I’ll admit that I was feeling a little sorry for myself when all my travel plans for April and May started crumbling. I had been invited to speak at a creative writing conference in western Michigan on a Friday and Saturday in mid-April, with a computer science lecture at the sponsoring college on Monday. That left Sunday free, and I’d put down a deposit for a day of steelhead fishing with my cousin on a Lake Michigan tributary famous for its steelhead and trophy brown trout. That trip, of course, has been canceled.
Before I could sink too deeply into self-pity, however, I received an e-mail from another fishing guide canceling all of his trips for the foreseeable future. Fishing guides are self-employed. They get paid by clients when they take trips. Canceling all his guided trips for the foreseeable future means canceling his source of income for the foreseeable future. 
That is the story of guides all over the country. I also received a personal e-mail from my friend who runs a lodge in rural Alaska, off the road system. I assumed that in his village, with a year-round population of 180 and the only connections to the outside world coming through little twin-engine planes making deliveries from Anchorage, that life would continue as normal. I was wrong. The church in town, just like churches across the lower 48, was not meeting. In a village with no doctors, and only a tiny medical clinic with a staff of one, the risk is too great. What of his summer business of running a wilderness lodge? It pays all their expenses for the year — including bills for three kids, with two more to come. That’s all a great uncertainty. Will anybody be able to travel to Alaska this summer? Stay in a lodge?

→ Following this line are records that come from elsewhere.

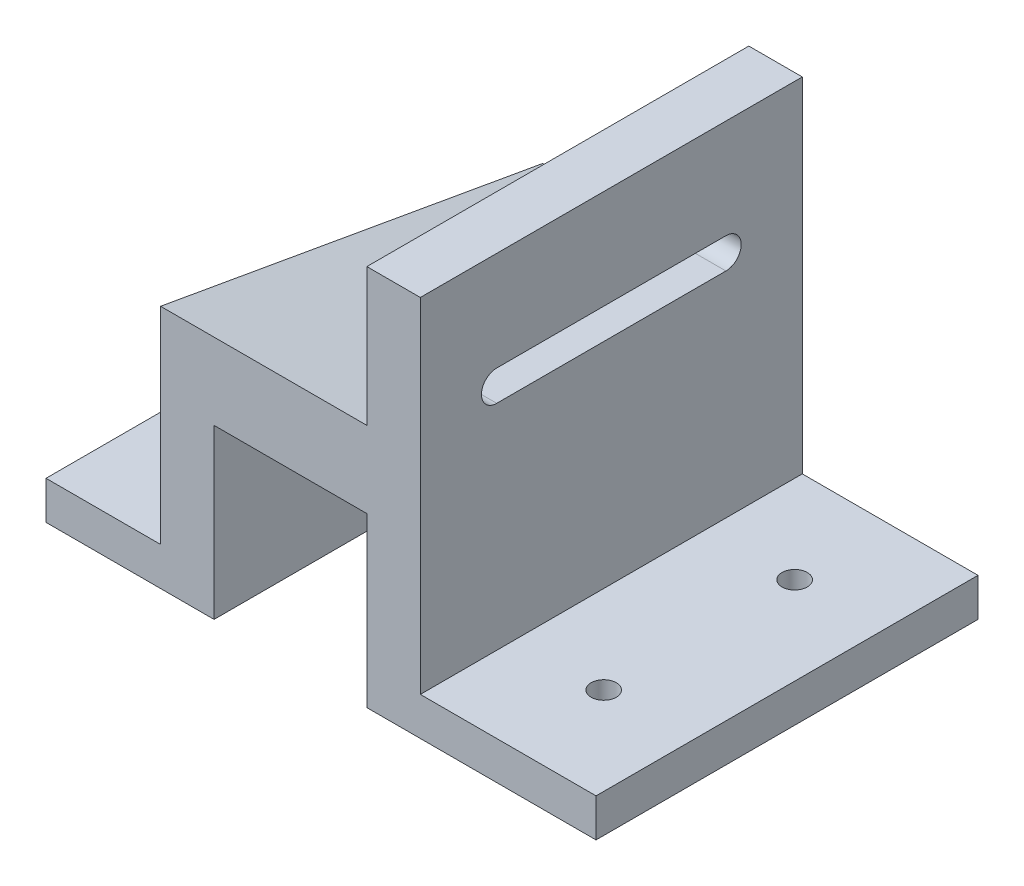
SolidWorks part; units mm, degrees
ref_plane "Plano frontal" through (0, 0, 0) normal (0, 0, 1) x (1, 0, 0)
ref_plane "Plano superior" through (0, 0, 0) normal (0, 1, 0) x (1, 0, 0)
ref_plane "Plano direito" through (0, 0, 0) normal (1, 0, 0) x (0, 0, -1)
sketch "Esboço2" plane through (0, 0, 0) normal (0, 0, 1) x (1, 0, 0)
  line L0 (0, 0) -> (30, 0)
  line L1 (30, 0) -> (30, 5)
  line L2 (30, 5) -> (7, 5)
  line L3 (7, 5) -> (7, 50)
  line L4 (7, 50) -> (0, 50)
  line L5 (0, 50) -> (0, 32)
  line L6 (-20, 0) -> (-42, 0)
  line L7 (-42, 0) -> (-42, 5)
  line L8 (-42, 5) -> (-27, 5)
  line L9 (-27, 5) -> (-27, 32)
  line L10 (-27, 32) -> (-20, 32)
  line L11 (-20, 0) -> (-20, 7)
  line L12 (-20, 32) -> (0, 32)
  line L13 (-20, 7) -> (0, 7)
  line L14 (0, 7) -> (0, 0)
  dimension "D1" = 5
  dimension "D2" = 30
  dimension "D3" = 7
  dimension "D4" = 50
  dimension "D5" = 25
  dimension "D6" = 15
  dimension "D7" = 32
extrude "Ressalto-extrusão1" add sketch "Esboço2" along normal blind 50
sketch "Esboço3" plane through (7, 0, 0) normal (1, 0, 0) x (0, 0, -1)
  line L0 (-25, 50) -> (-25, 5) construction
  line L1 (-50, 50) -> (0, 50) construction
  line L2 (-50, 5) -> (0, 5) construction
  line L3 (-40, 35) -> (-10, 35) construction
  line L4 (-40, 37) -> (-10, 37)
  line L5 (-40, 33) -> (-10, 33)
  line L6 (-40, 15) -> (-10, 15) construction
  line L7 (-40, 17) -> (-10, 17)
  line L8 (-40, 13) -> (-10, 13)
  arc A0 (-40, 37) -> (-40, 33) centre (-40, 35) ccw
  arc A1 (-10, 33) -> (-10, 37) centre (-10, 35) ccw
  arc A2 (-40, 17) -> (-40, 13) centre (-40, 15) ccw
  arc A3 (-10, 13) -> (-10, 17) centre (-10, 15) ccw
  point P8 (-25, 35)
  point P14 (-25, 15)
  dimension "D1" = 2
  dimension "D2" = 30
  dimension "D3" = 20
  dimension "D4" = 10
extrude "Corte-extrusão1" cut sketch "Esboço3" against normal blind 50 contours L5 A1 L4 A0
sketch "Esboço4" plane through (0, 0, 0) normal (-1, 0, 0) x (0, 0, 1)
  line L0 (50, 32) -> (94.0881, 39.7739) construction
  line L6 (50, 50) -> (50, 32) construction
  point P4 (26.6519, 4.9065)
  point P5 (17.3646, 13)
  point P6 (18, 23.8935)
  point P7 (50, 25)
  point P11 (22, 24)
  dimension "D1" = 80
sketch "Esboço5" plane through (0, 5, 0) normal (0, 1, 0) x (1, 0, 0)
  line L0 (7, -25) -> (30, -25) construction
  line L1 (7, -50) -> (7, 0) construction
  line L2 (30, -50) -> (30, 0) construction
  line L3 (30, -50) -> (7, -50) construction
  line L4 (-8, 1.6575) -> (-8, -52.8314) construction
  line L5 (-23, -25) -> (-46, -25) construction
  line L6 (-27, 0) -> (-42, 0) construction
  circle A0 centre (18.5, -37.5) radius 1.65
  circle A1 centre (18.5, -12.5) radius 1.65
  circle A2 centre (-34.5, -12.5) radius 1.65
  circle A3 centre (-34.5, -37.5) radius 1.65
  point P13 (18.5, -50)
  point P21 (0, 0)
  point P24 (-34.5, 0)
  dimension "D1" = 3.3
  dimension "D2" = 25
extrude "Corte-extrusão2" cut sketch "Esboço5" against normal blind 10
sketch "Esboço7" plane through (0, 0, 50) normal (0, 0, 1) x (1, 0, 0)
  line L0 (0, 32) -> (-27, 32)
  line L1 (-27, 32) -> (-27, 41.3868)
  line L2 (-27, 41.3868) -> (0, 41.3868)
  line L3 (0, 50) -> (0, 32) construction
  line L4 (0, 41.3868) -> (0, 32)
  line L5 (-20, 7) -> (-20, 22)
  line L6 (-20, 22) -> (0, 22)
  line L7 (0, 22) -> (0, 7)
  line L8 (0, 7) -> (-20, 7)
  dimension "D1" = 10
extrude "Corte-extrusão3" cut sketch "Esboço7" along direction (0, 0.1736, 0.9848) on the side against the normal through all
sketch "Esboço8" plane through (0, 12.7861, -2.2545) normal (0, -0.9848, 0.1736) x (1, 0, 0)
  line L0 (0, 2.2893) -> (0, 53.0606) construction
  line L1 (0, 53.0606) -> (-20, 53.0606) construction
  circle A0 centre (-10, 27.675) radius 4.15
  point P2 (0, 0)
  point P5 (0, 27.675)
  point P6 (0, 0)
  point P9 (-10, 53.0606)
  dimension "D1" = 8.3
extrude "Corte-extrusão4" cut sketch "Esboço8" against normal through all
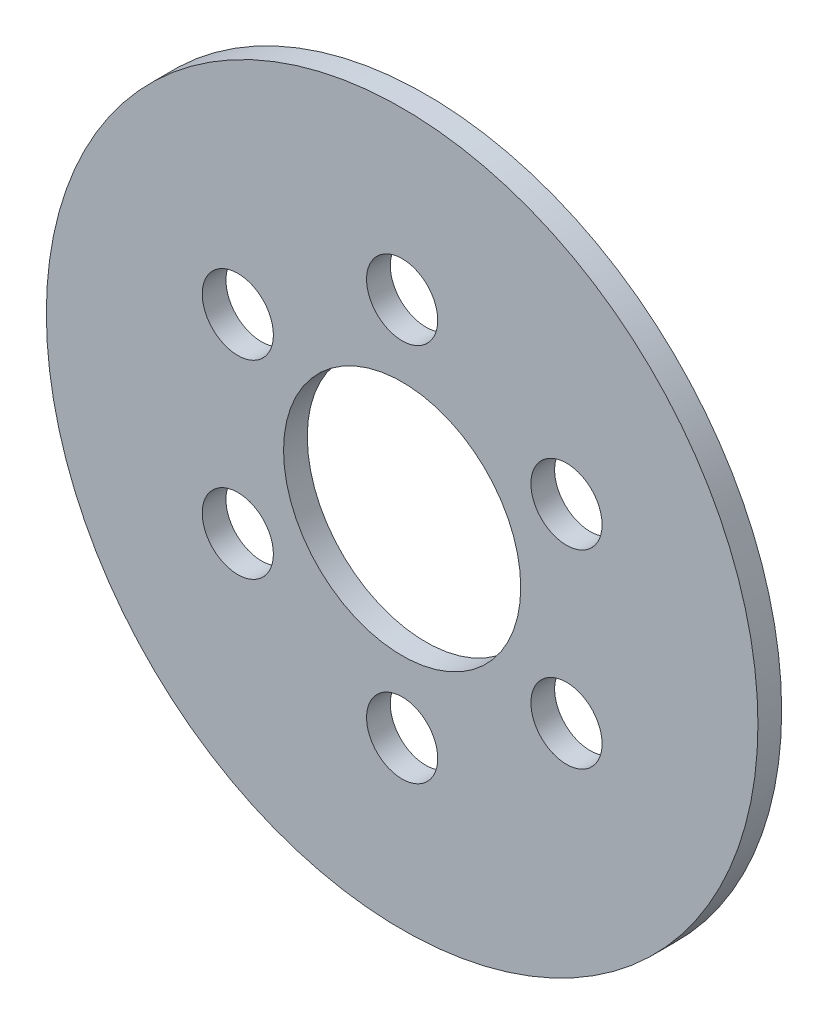
SolidWorks part; units mm, degrees
material "环氧玻璃布层压板"
ref_plane "前视基准面" through (0, 0, 0) normal (0, 0, 1) x (1, 0, 0)
ref_plane "上视基准面" through (0, 0, 0) normal (0, 1, 0) x (1, 0, 0)
ref_plane "右视基准面" through (0, 0, 0) normal (1, 0, 0) x (0, 0, -1)
sketch "草图1" plane through (0, 0, 0) normal (0, 0, 1) x (1, 0, 0)
  circle A0 centre (0, 0) radius 15
  circle A1 centre (0, 0) radius 8 construction
  circle A2 centre (0, 8) radius 1.5
  circle A3 centre (6.9282, 4) radius 1.5
  circle A4 centre (6.9282, -4) radius 1.5
  circle A5 centre (0, -8) radius 1.5
  circle A6 centre (-6.9282, -4) radius 1.5
  circle A7 centre (-6.9282, 4) radius 1.5
  circle A8 centre (0, 0) radius 5
  point P18 (0, 0)
  dimension "D1" = 30
  dimension "D2" = 16
  dimension "D3" = 3
  dimension "D5" = 10
  dimension "D4" = 6
extrude "凸台-拉伸1" add sketch "草图1" along normal blind 1
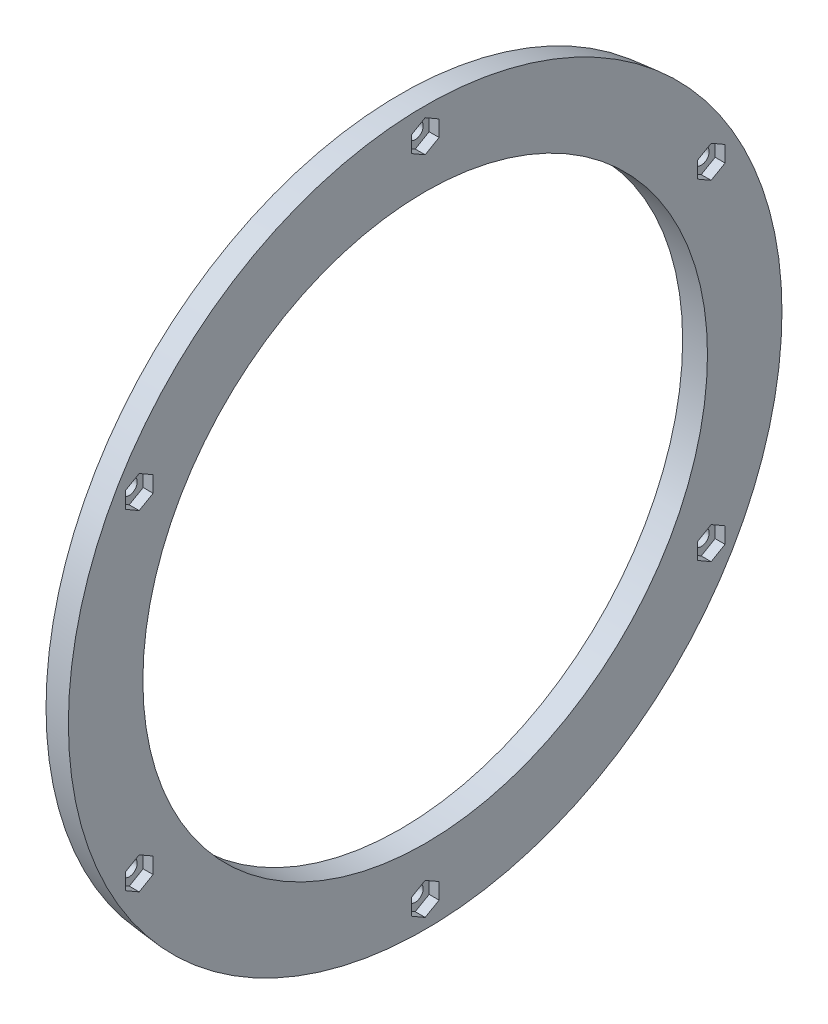
SolidWorks part; units mm, degrees
material "Balsa"
ref_plane "Front Plane" through (0, 0, 0) normal (0, 0, 1) x (1, 0, 0)
ref_plane "Top Plane" through (0, 0, 0) normal (0, 1, 0) x (1, 0, 0)
ref_plane "Right Plane" through (0, 0, 0) normal (1, 0, 0) x (0, 0, -1)
sketch "Sketch1" plane through (0, 0, 0) normal (1, 0, 0) x (0, 0, -1)
  circle A0 centre (0, 0) radius 71.85
  circle A1 centre (0, 0) radius 56.85
  dimension "D1" = 143.7
  dimension "D2" = 15
extrude "Boss-Extrude1" add sketch "Sketch1" along normal blind 5
sketch "Sketch2" plane through (5, 0, 0) normal (1, 0, 0) x (0, 0, -1)
  line L0 (54.7907, 31.6334) -> (57.5907, 30.0168)
  line L1 (0, 63.2668) -> (2.8, 64.8834)
  line L2 (2.8, 64.8834) -> (2.8, 68.1166)
  line L3 (2.8, 68.1166) -> (0, 69.7332)
  line L4 (0, 69.7332) -> (-2.8, 68.1166)
  line L5 (-2.8, 68.1166) -> (-2.8, 64.8834)
  line L6 (-2.8, 64.8834) -> (0, 63.2668)
  line L7 (57.5907, 30.0168) -> (60.3907, 31.6334)
  line L8 (60.3907, 31.6334) -> (60.3907, 34.8666)
  line L9 (60.3907, 34.8666) -> (57.5907, 36.4832)
  line L10 (57.5907, 36.4832) -> (54.7907, 34.8666)
  line L11 (54.7907, 34.8666) -> (54.7907, 31.6334)
  line L12 (54.7907, -31.6334) -> (54.7907, -34.8666)
  line L13 (54.7907, -34.8666) -> (57.5907, -36.4832)
  line L14 (57.5907, -36.4832) -> (60.3907, -34.8666)
  line L15 (60.3907, -34.8666) -> (60.3907, -31.6334)
  line L16 (60.3907, -31.6334) -> (57.5907, -30.0168)
  line L17 (57.5907, -30.0168) -> (54.7907, -31.6334)
  line L18 (0, -63.2668) -> (-2.8, -64.8834)
  line L19 (-2.8, -64.8834) -> (-2.8, -68.1166)
  line L20 (-2.8, -68.1166) -> (0, -69.7332)
  line L21 (0, -69.7332) -> (2.8, -68.1166)
  line L22 (2.8, -68.1166) -> (2.8, -64.8834)
  line L23 (2.8, -64.8834) -> (0, -63.2668)
  line L24 (-54.7907, -31.6334) -> (-57.5907, -30.0168)
  line L25 (-57.5907, -30.0168) -> (-60.3907, -31.6334)
  line L26 (-60.3907, -31.6334) -> (-60.3907, -34.8666)
  line L27 (-60.3907, -34.8666) -> (-57.5907, -36.4832)
  line L28 (-57.5907, -36.4832) -> (-54.7907, -34.8666)
  line L29 (-54.7907, -34.8666) -> (-54.7907, -31.6334)
  line L30 (-54.7907, 31.6334) -> (-54.7907, 34.8666)
  line L31 (-54.7907, 34.8666) -> (-57.5907, 36.4832)
  line L32 (-57.5907, 36.4832) -> (-60.3907, 34.8666)
  line L33 (-60.3907, 34.8666) -> (-60.3907, 31.6334)
  line L34 (-60.3907, 31.6334) -> (-57.5907, 30.0168)
  line L35 (-57.5907, 30.0168) -> (-54.7907, 31.6334)
  circle A0 centre (0, 66.5) radius 2.8 construction
  circle A1 centre (57.5907, 33.25) radius 2.8 construction
  circle A2 centre (57.5907, -33.25) radius 2.8 construction
  circle A3 centre (0, -66.5) radius 2.8 construction
  circle A4 centre (-57.5907, -33.25) radius 2.8 construction
  circle A5 centre (-57.5907, 33.25) radius 2.8 construction
  point P52 (0, 0)
  dimension "D1" = 5.6
  dimension "D2" = 66.5
  dimension "D3" = 6
extrude "Cut-Extrude1" cut sketch "Sketch2" against normal blind 2
sketch "Sketch3" plane through (5, 0, 0) normal (1, 0, 0) x (0, 0, -1)
  line L0 (0, 0) -> (0, 66.5) construction
  circle A0 centre (0, 66.5) radius 1.6
  circle A1 centre (57.5907, 33.25) radius 1.6
  circle A2 centre (57.5907, -33.25) radius 1.6
  circle A3 centre (0, -66.5) radius 1.6
  circle A4 centre (-57.5907, -33.25) radius 1.6
  circle A5 centre (-57.5907, 33.25) radius 1.6
  point P17 (0, 0)
  point P20 (-1.299, 0.75)
  dimension "D1" = 66.5
  dimension "D2" = 3.2
  dimension "D3" = 6
extrude "Cut-Extrude2" cut sketch "Sketch3" against normal up to next
sketch "Sketch4" plane through (0, 0, 0) normal (0, 0, 1) x (1, 0, 0)
  line L0 (0, 0) -> (0, -71.35) construction
  line L1 (0, -71.35) -> (0, -71.85)
  line L2 (0, -71.85) -> (5, -71.85)
  line L3 (5, -71.85) -> (0, -71.35)
  dimension "D1" = 71.85
  dimension "D2" = 0.5
  dimension "D3" = 5
ref_axis "Axis1" through (0, 0, 0) along (1, 0, 0)
revolve "Cut-Revolve1" cut sketch "Sketch4" angle 360 about axis through (0, 0, 0) along (1, 0, 0)
equation "\"D1@Sketch4\"=143.7/2"

At the end of January, I had a short trip to Arkansas to write a magazine story. This week I called up the guide I had worked with there to ask a couple questions and make sure I got my facts correct. To my surprise, he said he was still taking clients out on the river. He guides out of long john boats, with well over six feet between him and his clients. He said being outdoors in a rural area has been great during this period of social distancing. The lodge where he works has all private cabins. No shared door handles or table surfaces. To date, therefore, they have been able to remain open. The lodge’s famous restaurant, however, had to close. No work for those staff. And even if the lodge is able to remain open, customers like me who would have come in from afar to fish likely won’t be coming. As the orders to “shelter in place” increase, even the local customers might disappear.
Living in Addison County, we have an advantage that the majority of others in our country don’t have: we can step out our front doors and be in the Great Outdoors. Hiking the T.A.M., paddling Otter Creek, or biking some dirt road are never more than a stone’s throw away. Fishing can be found within a few throws of a stone. And in the weeks to come, I hope to continue writing about those things. Maybe I’ll write about them as though everything was normal. Maybe I’ll need that imaginative break from the new reality.
But before any pretense that I could continue outdoor sports as though nothing had happened, I needed to acknowledge how everybody is impacted. And I won’t be asking my guide in Michigan for my deposit back.